Table two Ai Nuoning lumbar injection is to the inhibitory action of mouse bearing liver cancer HepS
| Group | Dosage mg/ (kg.d) | Administration time (d) | Average tumour inhibiting rate (x ± s)/% | The P value |
| CTX | 18 | 10 | 43.95±3.39 | <0.01 |
| Low dose group | 0.015 | 10 | 37.78±9.57 | <0.05 |
| Middle dose groups | 0.03 | 10 | 51.53±5.35 | <0.01 |
| High dose group | 0.06 | 10 | 55.11±5.59 | <0.01 |
Table three Ai Nuoning lumbar injection is to the inhibitory action of transplantability murine sarcoma S-180
| Group | Dosage mg/ (kg.d) | Administration time (d) | Average tumour inhibiting rate (x ± s)/% | The P value |
| CTX | 18 | 10 | 58.43±4.08 | <0.01 |
| Low dose group | 0.015 | 10 | 41.26±2.53 | <0.01 |
| Middle dose groups | 0.03 | 10 | 52.7±3.27 | <0.01 |
| High dose group | 0.06 | 10 | 57.42±3.63 | <0.01 |
Embodiment 8
The anti-SIV cell culture test of Ai Nuoning: Ai Nuoning is mixed with the original liquid of 1ug/ml with dehydrated alcohol, is diluted to 10 with water for injection
-2The ug/ml medicinal liquid, the reuse culture fluid is made serial dilution, and CEMx174 cell co-cultivation 3-5 days is chosen the nontoxic basically concentration of pair cell and is made an experiment.Formal test: the medicine serial dilution, changed equal dilution factor medicine culture fluid in 3 days 1 time with SIVmac and CEMx174 cell co-cultivation, 6 days record cytopathys (CPE), culture supernatant is made serial titration of virus, and cell smear is made the fluorescent antigen cell counting.Make AZT positive control drug (2uM) and SIVmac virus control equally.

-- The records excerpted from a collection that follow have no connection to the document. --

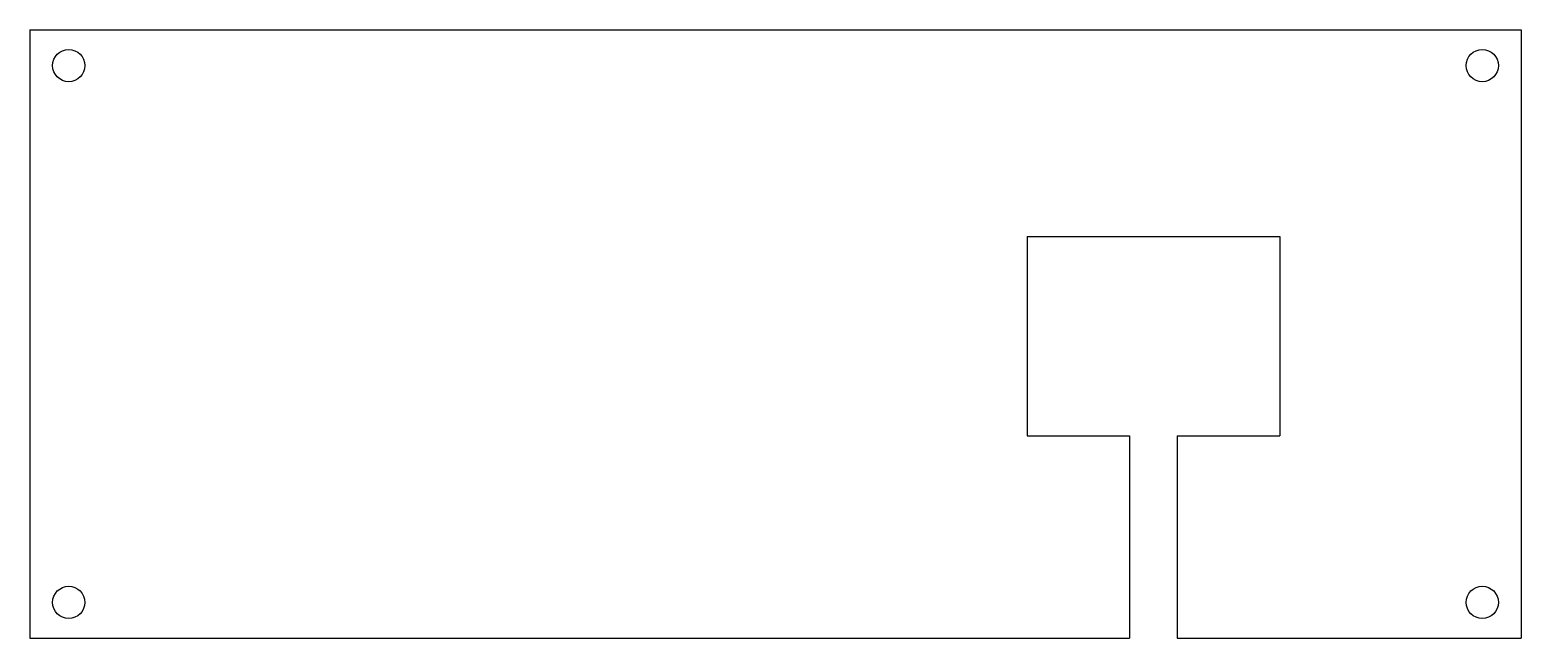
# Model space of a CAD drawing. Extents: x -3.12 to 3.13, y -1.67 to 0.88.
import ezdxf

# ---------------------------------------------------------------- set-up
doc = ezdxf.new("R2010")
doc.units = 0
doc.header["$MEASUREMENT"] = 0
doc.layers.add('MODELSKETCH_VISIBLE', color=7, linetype='CONTINUOUS')

msp = doc.modelspace()

# ---------------------------------------------------------------- linework, layer by layer
at = {"layer": 'MODELSKETCH_VISIBLE'}
for p, q in [((-3.125, 0.8773), (3.125, 0.8773)), ((-3.125, 0.8773), (-3.125, -1.6727)), ((3.125, 0.8773), (3.125, -1.6727)), ((1.054, 0.011), (1.054, -0.824)), ((1.054, 0.011), (2.114, 0.011)), ((2.114, 0.011), (2.114, -0.824)), ((1.054, -0.824), (1.484, -0.824)), ((1.484, -0.824), (1.484, -1.6727)), ((1.684, -0.824), (2.114, -0.824)), ((1.684, -0.824), (1.684, -1.6727)), ((-3.125, -1.6727), (1.484, -1.6727)), ((1.684, -1.6727), (3.125, -1.6727))]:
    msp.add_line(p, q, dxfattribs=at)
for centre in [(-2.962, 0.7273), (2.962, 0.7273), (-2.962, -1.5227), (2.962, -1.5227)]:
    msp.add_circle(centre, 0.0675, dxfattribs=at)

doc.saveas('drawing.dxf')

Criterion as a result: with multiple (all comparing) and the reference judgement mutually of cytopathy degree of fluorescencepositive cell suppression ratio, viral yield decline log2 with SIVmac.
The anti-SIV cell culture test of table four Ai Nuoning result
Ai Nuoning has only 10 at drug level
-5Suitable during to the suppression ratio of cell antigen and AZT 2uM during ug/ml.Show that its inhibitory action is considerably beyond AZT.
Embodiment 9
Ai Nuoning resists the in vivo test of acute SIV infected monkey
Medicine: contain Ai Nuoning fat milk (5ug/ml).Blank: 10% fat milk.Positive control: AZT.
Rhesus Macacus: 12,5-6kg/ only, 4-8 year outward appearance healthy, health check-up does not have the enlargement of superficial lymph knot, it is negative that serology detects SIV, SRV and STLV antiviral antibody, tulase is negative, dysentery bacillus is negative.If Ai Nuoning is low, high dose group, AZT group and virus control group, every group each 3.With SIVmac251 virus liquid 5MID
100(5 100% monkey infective doses) intravenous injection is infected.
Therapeutic test: monkey infects administration after 1 hour, and low dose group 3ug//inferior, high dose group 9ug//inferior, lumbar injection, day 2 times, 8 weeks of logotype.The AZT group: 200mg//day, oral, 4 weeks of logotype.Each group was observed to 105 days after the drug withdrawal.Plasma viral and the whole blood virus titer check result of test monkey are seen table five and six.
Table five is respectively organized monkey and is infected (treatment) back blood plasma virus titer (TCID/ml)
Table six is respectively organized whole blood virus titer (TCID/ml) behind the monkey treatment of infection
Can find out Ai Nuoning treatment SIV infected monkey by table five, six, be that the plasma viral titre or the decline of whole blood virus titer all are superior to positive control drug AZT, shows that Ai Nuoning has definite therapeutical effect in the monkey body.
Embodiment 10
The preparation of the pastille lipomul of Ai Nuoning:
(1) preparation of the pastille fat milk of outer pharmacodynamics of donor and acute toxicity test in mice:
Prescription: A. likes the peaceful 500mg of promise
B. injection soybean oil 100g
C. lecithin 25g
D. glycerol 20g
E. the injection pure water adds to 1000ml
A adds heat of solution among B, the C in the above-mentioned prescription, adds D and E again and prepares behind the colostrum with the multistage emulsifying of dispersing emulsification machine, obtains containing the lipomul of Ai Nuoning, and every ml contains the peaceful 0.5mg of love promise.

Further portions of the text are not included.